> REQUIRED ACTION:
Exactly how many lines below mention "amount"? Answer with that number alone.

········

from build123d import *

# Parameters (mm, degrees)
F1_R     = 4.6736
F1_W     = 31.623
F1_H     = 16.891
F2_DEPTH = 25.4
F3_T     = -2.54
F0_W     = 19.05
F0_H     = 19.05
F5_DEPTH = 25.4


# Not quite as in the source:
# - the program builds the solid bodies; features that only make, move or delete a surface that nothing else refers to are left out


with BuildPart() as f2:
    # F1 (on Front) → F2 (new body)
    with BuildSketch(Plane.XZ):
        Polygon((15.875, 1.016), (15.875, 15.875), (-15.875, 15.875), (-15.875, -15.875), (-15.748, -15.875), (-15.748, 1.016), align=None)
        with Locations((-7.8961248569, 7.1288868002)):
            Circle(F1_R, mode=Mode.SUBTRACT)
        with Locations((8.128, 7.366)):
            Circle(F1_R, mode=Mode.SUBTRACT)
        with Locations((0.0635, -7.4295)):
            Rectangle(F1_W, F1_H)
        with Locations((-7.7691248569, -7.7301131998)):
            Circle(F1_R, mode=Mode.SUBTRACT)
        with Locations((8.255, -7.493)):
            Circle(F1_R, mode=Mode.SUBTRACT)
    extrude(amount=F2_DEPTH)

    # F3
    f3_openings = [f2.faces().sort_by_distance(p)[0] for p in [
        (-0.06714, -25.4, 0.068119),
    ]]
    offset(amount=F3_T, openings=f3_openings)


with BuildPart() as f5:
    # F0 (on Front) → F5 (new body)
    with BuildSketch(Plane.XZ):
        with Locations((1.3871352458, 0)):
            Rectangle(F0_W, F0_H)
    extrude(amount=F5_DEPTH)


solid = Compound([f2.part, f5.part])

········

> SOLUTION BELOW:
3